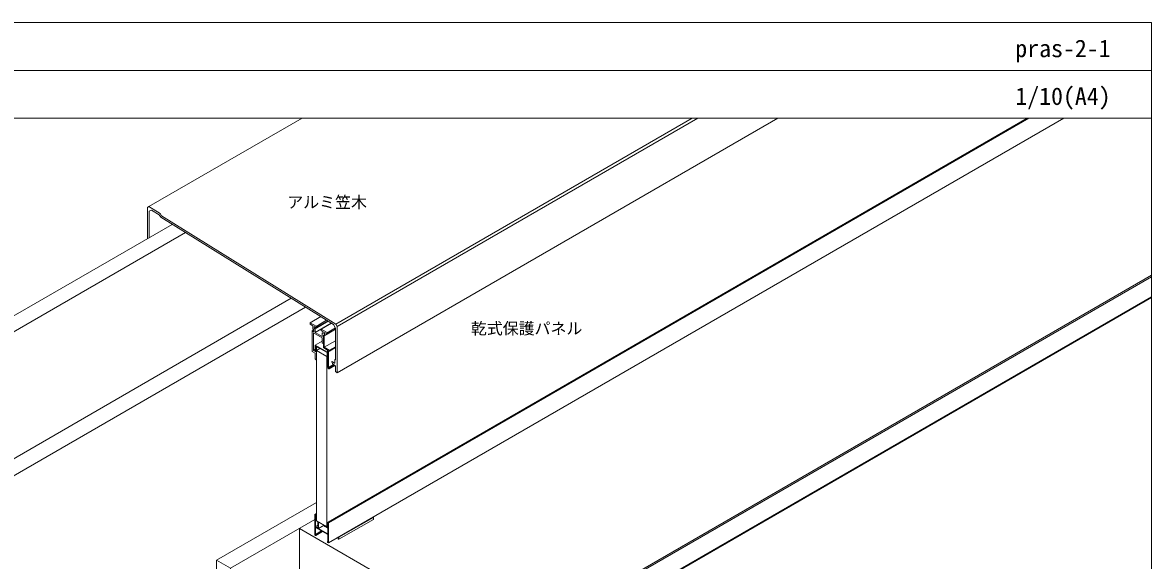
# Model space of a CAD drawing. Units: millimetres, scale not verified. Extents: x -1380 to 1380, y -955 to 955.
# Drawn here: x -38 to 1380, y 280 to 955 of the extents above; entities that cross this region are included whole.
import ezdxf
from ezdxf.enums import TextEntityAlignment as Align

# ---------------------------------------------------------------- set-up
doc = ezdxf.new("R2010")
doc.units = ezdxf.units.MM
doc.header["$LTSCALE"] = 3
for name, color, linetype, lineweight in [('0-0_0', 7, 'Continuous', 18), ('0-2_KUTAI', 3, 'Continuous', 18), ('0-3_BOUSUI', 1, 'Continuous', 18), ('0-4_MOJI', 7, 'Continuous', 18), ('0-5_WAKU', 7, 'Continuous', 18), ('0-7_KANAMONO', 4, 'Continuous', 18), ('0-9_kasagi', 150, 'Continuous', 18)]:
    doc.layers.add(name, color=color, linetype=linetype, lineweight=lineweight)
doc.styles.add('ＭＳ ゴシック', font='')
doc.styles.get('ＭＳ ゴシック').set_extended_font_data('MS Gothic')

msp = doc.modelspace()

# ---------------------------------------------------------------- linework, layer by layer
at = {"layer": '0-0_0'}
msp.add_line((-1379.976, 895.041), (1380.024, 895.041), dxfattribs=at)
at = {"layer": '0-2_KUTAI'}
for p, q in [((-1238.636, -99.959), (149.989, 701.764)), ((569.625, 170.041), (1380.024, 637.925)), ((570.924, 168.791), (1380.024, 635.925)), ((593.008, 156.541), (1380.024, 610.925)), ((593.874, 156.041), (1380.024, 609.925)), ((309.817, 320.041), (1380.024, -297.843))]:
    msp.add_line(p, q, dxfattribs=at)
msp.add_lwpolyline([(309.817, 320.041), (309.817, 260.041), (361.779, 230.041), (361.779, 210.041), (1380.024, -377.843)], dxfattribs=at)
at = {"layer": '0-3_BOUSUI'}
for p, q in [((-1151.574, -69.694), (166.999, 691.585)), ((-496.282, 149.443), (299.623, 608.959)), ((-486.926, 133.237), (317.666, 597.768)), ((205.894, 280.041), (331.468, 352.541)), ((223.215, 270.041), (329.303, 331.291))]:
    msp.add_line(p, q, dxfattribs=at)
msp.add_lwpolyline([(205.894, 200.041), (205.894, 280.041), (223.215, 270.041), (223.215, 210.041), (275.176, 180.041), (275.176, 160.041)], close=True, dxfattribs=at)
at = {"layer": '0-5_WAKU'}
for points in [[(1380.024, 835.041), (-1379.976, 835.041), (-1379.976, 955.041), (1380.024, 955.041)], [(-1379.976, -954.959), (1380.024, -954.959), (1380.024, 955.041), (-1379.976, 955.041)]]:
    msp.add_lwpolyline(points, close=True, dxfattribs=at)
at = {"layer": '0-7_KANAMONO'}
for p, q in [((345.884, 328.071), (1223.982, 835.041)), ((346.081, 328.088), (1224.15, 835.041)), ((346.409, 327.846), (1224.897, 835.041)), ((346.547, 301.923), (1269.935, 835.041)), ((346.624, 327.291), (1226.072, 835.041)), ((329.736, 550.241), (338.396, 555.241)), ((340.128, 547.041), (340.128, 562.441)), ((340.388, 562.591), (340.908, 562.291)), ((341.168, 547.441), (355.37, 555.641)), ((341.178, 562.223), (344.566, 564.179)), ((329.736, 544.941), (327.398, 543.591)), ((330.556, 547.621), (331.722, 548.294)), ((330.752, 547.638), (331.806, 548.246)), ((331.081, 547.396), (332.179, 548.03)), ((331.295, 546.841), (332.767, 547.691)), ((331.468, 543.541), (335.712, 545.991)), ((331.468, 543.541), (344.458, 536.041)), ((331.468, 543.541), (331.468, 329.541)), ((340.052, 552.373), (340.128, 552.417)), ((347.587, 543.647), (355.37, 548.141)), ((347.587, 542.523), (355.37, 547.017)), ((347.663, 543.391), (347.663, 542.691)), ((331.219, 531.773), (331.468, 531.917)), ((344.632, 536.141), (344.458, 536.041)), ((346.364, 522.141), (352.838, 525.879)), ((347.154, 520.573), (354.221, 524.653)), ((347.23, 521.341), (353.726, 525.092)), ((344.458, 522.341), (344.458, 522.941)), ((344.535, 523.109), (345.044, 523.403)), ((346.97, 520.591), (344.718, 521.891)), ((347.23, 521.341), (347.23, 520.741)), ((329.303, 312.091), (329.303, 337.291)), ((329.43, 337.571), (331.468, 338.748)), ((329.627, 337.588), (331.468, 338.651)), ((329.955, 337.346), (331.468, 338.22)), ((330.169, 336.791), (331.468, 337.541)), ((346.624, 327.291), (346.624, 302.091)), ((359.538, 309.247), (402.839, 334.247)), ((359.538, 306.423), (402.839, 331.423)), ((359.614, 308.991), (402.915, 333.991)), ((402.915, 333.991), (402.915, 331.591)), ((330.169, 322.291), (333.2, 324.041)), ((330.169, 312.491), (337.79, 316.891)), ((330.536, 312.103), (338.31, 316.591)), ((330.536, 311.255), (339.045, 316.167)), ((330.689, 311.591), (338.829, 316.291)), ((334.066, 320.041), (340.994, 324.041)), ((341.427, 323.091), (341.427, 323.491)), ((341.503, 323.659), (341.58, 323.703)), ((330.169, 311.291), (329.563, 311.641)), ((345.39, 303.527), (345.757, 303.739)), ((346.364, 301.941), (345.757, 302.291)), ((358.488, 307.241), (358.488, 308.817)), ((359.354, 306.441), (358.748, 306.791)), ((359.614, 308.991), (359.614, 306.591))]:
    msp.add_line(p, q, dxfattribs=at)
at = {"layer": '0-7_KANAMONO', "color": 8}
msp.add_line((345.757, 322.791), (344.458, 322.041), dxfattribs=at)
at = {"layer": '0-7_KANAMONO'}
for points in [[(341.168, 561.841), (341.168, 555.341), (340.994, 555.241), (341.168, 554.941), (341.168, 547.441), (347.403, 543.841)], [(344.718, 523.091), (345.324, 522.741), (345.324, 543.741), (340.388, 546.591)], [(347.403, 542.541), (346.364, 543.141), (346.364, 522.141), (346.97, 521.791)], [(344.458, 536.041), (344.458, 322.041), (331.468, 329.541)], [(330.169, 336.791), (330.169, 322.291), (333.2, 320.541), (333.2, 328.041)], [(334.066, 327.541), (334.066, 320.041), (345.757, 313.291), (345.757, 320.291), (341.687, 322.641)], [(341.687, 323.641), (345.757, 321.291), (345.757, 327.791)], [(345.757, 303.491), (345.757, 312.291), (330.169, 321.291), (330.169, 312.491)]]:
    msp.add_lwpolyline(points, dxfattribs=at)
msp.add_lwpolyline([(329.736, 542.241), (330.429, 541.841), (330.429, 549.041), (344.632, 540.841), (344.632, 523.641), (345.324, 523.241), (345.324, 541.241), (329.736, 550.241)], close=True, dxfattribs=at)
for centre, radius, start, end in [((340.411, 562.443), 0.282, 165.95476, 180.48703), ((340.313, 562.468), 0.181, 145.17845, 166.13581), ((340.27, 562.497), 0.13, 120.31103, 144.77441), ((340.268, 562.497), 0.129, 95.18299, 119.73157), ((340.272, 562.445), 0.181, 73.82578, 94.85996), ((340.246, 562.351), 0.279, 59.4236, 74.13461), ((340.697, 561.931), 0.417, 48.45497, 59.61063), ((340.612, 561.835), 0.545, 38.4225, 48.47645), ((340.557, 561.789), 0.617, 29.91198, 38.57049), ((340.54, 561.779), 0.636, 21.56327, 29.95426), ((340.627, 561.813), 0.543, 11.50548, 21.59557), ((340.751, 561.838), 0.416, 0.37751, 11.5569), ((340.545, 547.044), 0.416, 180.37751, 191.5569), ((340.669, 547.068), 0.543, 191.50548, 201.59557), ((340.756, 547.103), 0.636, 201.56327, 209.95426), ((340.739, 547.092), 0.617, 209.91198, 218.57049), ((340.684, 547.046), 0.545, 218.4225, 228.47645), ((340.599, 546.951), 0.417, 228.45497, 239.61063), ((347.192, 543.481), 0.417, 48.45497, 59.61063), ((347.545, 542.781), 0.279, 239.4236, 254.13461), ((347.107, 543.385), 0.545, 38.4225, 48.47645), ((347.519, 542.686), 0.181, 253.82578, 274.85996), ((347.052, 543.339), 0.617, 29.91198, 38.57049), ((347.523, 542.635), 0.129, 275.18299, 299.73157), ((347.035, 543.329), 0.636, 21.56327, 29.95426), ((347.521, 542.635), 0.13, 300.31103, 324.77441), ((347.122, 543.363), 0.543, 11.50548, 21.59557), ((347.478, 542.663), 0.181, 325.17845, 346.13581), ((347.246, 543.388), 0.416, 0.37751, 11.5569), ((347.38, 542.688), 0.282, 345.95476, 0.48703), ((344.741, 522.943), 0.282, 165.95476, 180.48703), ((344.875, 522.344), 0.416, 180.37751, 191.5569), ((344.643, 522.968), 0.181, 145.17845, 166.13581), ((344.999, 522.368), 0.543, 191.50548, 201.59557), ((344.6, 522.997), 0.13, 120.31103, 144.77441), ((345.086, 522.403), 0.636, 201.56327, 209.95426), ((345.069, 522.392), 0.617, 209.91198, 218.57049), ((344.599, 522.997), 0.129, 95.18299, 119.73157), ((344.602, 522.945), 0.181, 73.82578, 94.85996), ((345.014, 522.346), 0.545, 218.4225, 228.47645), ((344.576, 522.851), 0.279, 59.4236, 74.13461), ((344.929, 522.251), 0.417, 228.45497, 239.61063), ((346.759, 521.431), 0.417, 48.45497, 59.61063), ((347.112, 520.831), 0.279, 239.4236, 254.13461), ((346.674, 521.335), 0.545, 38.4225, 48.47645), ((347.086, 520.736), 0.181, 253.82578, 274.85996), ((346.619, 521.289), 0.617, 29.91198, 38.57049), ((347.09, 520.685), 0.129, 275.18299, 299.73157), ((346.602, 521.279), 0.636, 21.56327, 29.95426), ((347.088, 520.685), 0.13, 300.31103, 324.77441), ((346.689, 521.313), 0.543, 11.50548, 21.59557), ((347.045, 520.713), 0.181, 325.17845, 346.13581), ((346.813, 521.338), 0.416, 0.37751, 11.5569), ((346.947, 520.738), 0.282, 345.95476, 0.48703), ((329.774, 337.295), 0.471, 165.95476, 180.48703), ((329.611, 337.337), 0.302, 145.17845, 166.13581), ((329.539, 337.385), 0.216, 120.31103, 144.77441), ((329.537, 337.384), 0.215, 95.18299, 119.73157), ((329.543, 337.299), 0.301, 73.82578, 94.85996), ((329.499, 337.141), 0.465, 59.4236, 74.13461), ((329.384, 336.941), 0.696, 48.45497, 59.61063), ((329.244, 336.782), 0.908, 38.4225, 48.47645), ((329.151, 336.705), 1.028, 29.91198, 38.57049), ((329.123, 336.688), 1.061, 21.56327, 29.95426), ((329.268, 336.745), 0.905, 11.50548, 21.59557), ((329.475, 336.786), 0.694, 0.37751, 11.5569), ((333.671, 328.045), 0.471, 165.95476, 180.48703), ((333.508, 328.087), 0.302, 145.17845, 166.13581), ((333.436, 328.135), 0.216, 120.31103, 144.77441), ((333.434, 328.134), 0.215, 95.18299, 119.73157), ((333.44, 328.049), 0.301, 73.82578, 94.85996), ((333.397, 327.891), 0.465, 59.4236, 74.13461), ((333.281, 327.691), 0.696, 48.45497, 59.61063), ((333.141, 327.532), 0.908, 38.4225, 48.47645), ((333.048, 327.455), 1.028, 29.91198, 38.57049), ((333.02, 327.438), 1.061, 21.56327, 29.95426), ((333.166, 327.495), 0.905, 11.50548, 21.59557), ((333.372, 327.536), 0.694, 0.37751, 11.5569), ((346.228, 327.795), 0.471, 165.95476, 180.48703), ((346.065, 327.837), 0.302, 145.17845, 166.13581), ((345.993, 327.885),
※ ※ ※
**What you will do**
Throughout the material above, find each line with "name" and return it.

**Answer to the problem**
for name, color, linetype, lineweight in [('0-0_0', 7, 'Continuous', 18), ('0-2_KUTAI', 3, 'Continuous', 18), ('0-3_BOUSUI', 1, 'Continuous', 18), ('0-4_MOJI', 7, 'Continuous', 18), ('0-5_WAKU', 7, 'Continuous', 18), ('0-7_KANAMONO', 4, 'Continuous', 18), ('0-9_kasagi', 150, 'Continuous', 18)]:
    doc.layers.add(name, color=color, linetype=linetype, lineweight=lineweight)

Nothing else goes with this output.